_PROBLEM DETAILS_:
The entries are to be repeated exactly, with all pictures omitted.
--
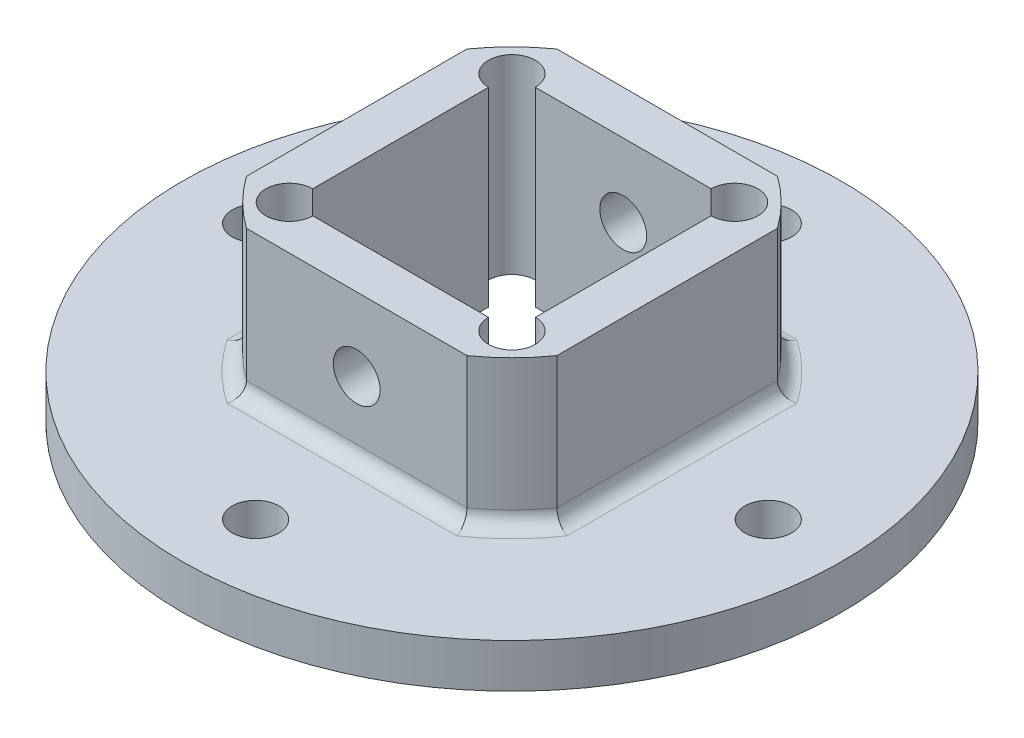
SolidWorks part; units mm, degrees
material "ABS"
ref_plane "前视基准面" through (0, 0, 0) normal (0, 0, 1) x (1, 0, 0)
ref_plane "上视基准面" through (0, 0, 0) normal (0, 1, 0) x (1, 0, 0)
ref_plane "右视基准面" through (0, 0, 0) normal (1, 0, 0) x (0, 0, -1)
other "Configuration Table"
sketch "草图1" plane through (0, 0, 0) normal (0, 1, 0) x (1, 0, 0)
  line L1 (-7.6, -7.6) -> (7.6, -7.6)
  line L2 (-7.6, -7.6) -> (-7.6, 7.6)
  line L3 (-7.6, 7.6) -> (7.6, 7.6)
  line L4 (7.6, -7.6) -> (7.6, 7.6)
  line L5 (-7.6, -7.6) -> (7.6, 7.6) construction
  line L6 (-7.6, 7.6) -> (7.6, -7.6) construction
  circle A0 centre (0, 0) radius 22.5
  circle A1 centre (0, 0) radius 17.5 construction
  circle A2 centre (0, 17.5) radius 1.6
  circle A3 centre (17.5, 0) radius 1.6
  circle A4 centre (0, 0) radius 17.5 construction
  circle A5 centre (0, -17.5) radius 1.6
  circle A6 centre (0, 0) radius 17.5 construction
  circle A7 centre (-17.5, 0) radius 1.6
  circle A8 centre (0, 0) radius 17.5 construction
  point P18 (0, 0)
  dimension "D1" = 45
  dimension "D2" = 35
  dimension "D3" = 1.6
  dimension "D5" = 15.2
  dimension "D4" = 4
extrude "凸台-拉伸1" add sketch "草图1" along normal blind 3
sketch "草图2" plane through (0, 3, 0) normal (0, 1, 0) x (1, 0, 0)
  line L1 (-10.6, -7.526) -> (-10.6, 7.526)
  line L2 (-7.6, -7.6) -> (7.6, -7.6)
  line L3 (-7.6, -7.6) -> (-7.6, 7.6)
  line L4 (-7.6, 7.6) -> (7.6, 7.6)
  line L5 (7.6, -7.6) -> (7.6, 7.6)
  line L6 (-7.6, -7.6) -> (7.6, 7.6) construction
  line L7 (-7.6, 7.6) -> (7.6, -7.6) construction
  line L8 (-7.526, 10.6) -> (7.526, 10.6)
  line L9 (10.6, -7.526) -> (10.6, 7.526)
  line L10 (-7.526, -10.6) -> (7.526, -10.6)
  line L11 (-10.6, 10.6) -> (10.6, 10.6) construction
  line L12 (10.6, -10.6) -> (10.6, 10.6) construction
  line L13 (-10.6, -10.6) -> (10.6, -10.6) construction
  line L14 (-10.6, -10.6) -> (-10.6, 10.6) construction
  arc A0 (10.6, 7.526) -> (7.526, 10.6) centre (0, 0) ccw
  arc A1 (7.526, -10.6) -> (10.6, -7.526) centre (0, 0) ccw
  arc A2 (-10.6, -7.526) -> (-7.526, -10.6) centre (0, 0) ccw
  arc A3 (-7.526, 10.6) -> (-10.6, 7.526) centre (0, 0) ccw
  point P2 (0, 0)
  dimension "D3" = 26
  dimension "D1" = 15.2
  dimension "D2" = 3
extrude "凸台-拉伸2" add sketch "草图2" along normal blind 10
sketch "草图3" plane through (0, 0, -10.6) normal (0, 0, -1) x (-1, 0, 0)
  line L0 (0, 13) -> (0, 0) construction
  line L1 (-7.526, 13) -> (7.526, 13) construction
  circle A0 centre (0, 8) radius 1.6
  dimension "D1" = 3.2
  dimension "D2" = 5
extrude "切除-拉伸1" cut sketch "草图3" against normal through all
fillet "圆角1" radius 1 8 edges at (-9.1924, 3, 9.1924) (9.1924, 3, 9.1924) (0, 3, 10.6) (10.6, 3, 0) (9.1924, 3, -9.1924) (-9.1924, 3, -9.1924) (0, 3, -10.6) (-10.6, 3, 0)
sketch "草图4" plane through (0, 13, 0) normal (0, 1, 0) x (1, 0, 0)
  circle A0 centre (7.6, 7.6) radius 1.6
  circle A1 centre (7.6, -7.6) radius 1.6
  circle A2 centre (-7.6, -7.6) radius 1.6
  circle A3 centre (-7.6, 7.6) radius 1.6
  dimension "D1" = 3.2
  dimension "D2" = 3.2
  dimension "D3" = 3.2
  dimension "D4" = 3.2
extrude "切除-拉伸2" cut sketch "草图4" against normal through all
--
_REPLY TO THE EXERCISE_:
SolidWorks part; units mm, degrees
material "ABS"
ref_plane "前视基准面" through (0, 0, 0) normal (0, 0, 1) x (1, 0, 0)
ref_plane "上视基准面" through (0, 0, 0) normal (0, 1, 0) x (1, 0, 0)
ref_plane "右视基准面" through (0, 0, 0) normal (1, 0, 0) x (0, 0, -1)
other "Configuration Table"
sketch "草图1" plane through (0, 0, 0) normal (0, 1, 0) x (1, 0, 0)
  line L1 (-7.6, -7.6) -> (7.6, -7.6)
  line L2 (-7.6, -7.6) -> (-7.6, 7.6)
  line L3 (-7.6, 7.6) -> (7.6, 7.6)
  line L4 (7.6, -7.6) -> (7.6, 7.6)
  line L5 (-7.6, -7.6) -> (7.6, 7.6) construction
  line L6 (-7.6, 7.6) -> (7.6, -7.6) construction
  circle A0 centre (0, 0) radius 22.5
  circle A1 centre (0, 0) radius 17.5 construction
  circle A2 centre (0, 17.5) radius 1.6
  circle A3 centre (17.5, 0) radius 1.6
  circle A4 centre (0, 0) radius 17.5 construction
  circle A5 centre (0, -17.5) radius 1.6
  circle A6 centre (0, 0) radius 17.5 construction
  circle A7 centre (-17.5, 0) radius 1.6
  circle A8 centre (0, 0) radius 17.5 construction
  point P18 (0, 0)
  dimension "D1" = 45
  dimension "D2" = 35
  dimension "D3" = 1.6
  dimension "D5" = 15.2
  dimension "D4" = 4
extrude "凸台-拉伸1" add sketch "草图1" along normal blind 3
sketch "草图2" plane through (0, 3, 0) normal (0, 1, 0) x (1, 0, 0)
  line L1 (-10.6, -7.526) -> (-10.6, 7.526)
  line L2 (-7.6, -7.6) -> (7.6, -7.6)
  line L3 (-7.6, -7.6) -> (-7.6, 7.6)
  line L4 (-7.6, 7.6) -> (7.6, 7.6)
  line L5 (7.6, -7.6) -> (7.6, 7.6)
  line L6 (-7.6, -7.6) -> (7.6, 7.6) construction
  line L7 (-7.6, 7.6) -> (7.6, -7.6) construction
  line L8 (-7.526, 10.6) -> (7.526, 10.6)
  line L9 (10.6, -7.526) -> (10.6, 7.526)
  line L10 (-7.526, -10.6) -> (7.526, -10.6)
  line L11 (-10.6, 10.6) -> (10.6, 10.6) construction
  line L12 (10.6, -10.6) -> (10.6, 10.6) construction
  line L13 (-10.6, -10.6) -> (10.6, -10.6) construction
  line L14 (-10.6, -10.6) -> (-10.6, 10.6) construction
  arc A0 (10.6, 7.526) -> (7.526, 10.6) centre (0, 0) ccw
  arc A1 (7.526, -10.6) -> (10.6, -7.526) centre (0, 0) ccw
  arc A2 (-10.6, -7.526) -> (-7.526, -10.6) centre (0, 0) ccw
  arc A3 (-7.526, 10.6) -> (-10.6, 7.526) centre (0, 0) ccw
  point P2 (0, 0)
  dimension "D3" = 26
  dimension "D1" = 15.2
  dimension "D2" = 3
extrude "凸台-拉伸2" add sketch "草图2" along normal blind 10
sketch "草图3" plane through (0, 0, -10.6) normal (0, 0, -1) x (-1, 0, 0)
  line L0 (0, 13) -> (0, 0) construction
  line L1 (-7.526, 13) -> (7.526, 13) construction
  circle A0 centre (0, 8) radius 1.6
  dimension "D1" = 3.2
  dimension "D2" = 5
extrude "切除-拉伸1" cut sketch "草图3" against normal through all
fillet "圆角1" radius 1 8 edges at (-9.1924, 3, 9.1924) (9.1924, 3, 9.1924) (0, 3, 10.6) (10.6, 3, 0) (9.1924, 3, -9.1924) (-9.1924, 3, -9.1924) (0, 3, -10.6) (-10.6, 3, 0)
sketch "草图4" plane through (0, 13, 0) normal (0, 1, 0) x (1, 0, 0)
  circle A0 centre (7.6, 7.6) radius 1.6
  circle A1 centre (7.6, -7.6) radius 1.6
  circle A2 centre (-7.6, -7.6) radius 1.6
  circle A3 centre (-7.6, 7.6) radius 1.6
  dimension "D1" = 3.2
  dimension "D2" = 3.2
  dimension "D3" = 3.2
  dimension "D4" = 3.2
extrude "切除-拉伸2" cut sketch "草图4" against normal through all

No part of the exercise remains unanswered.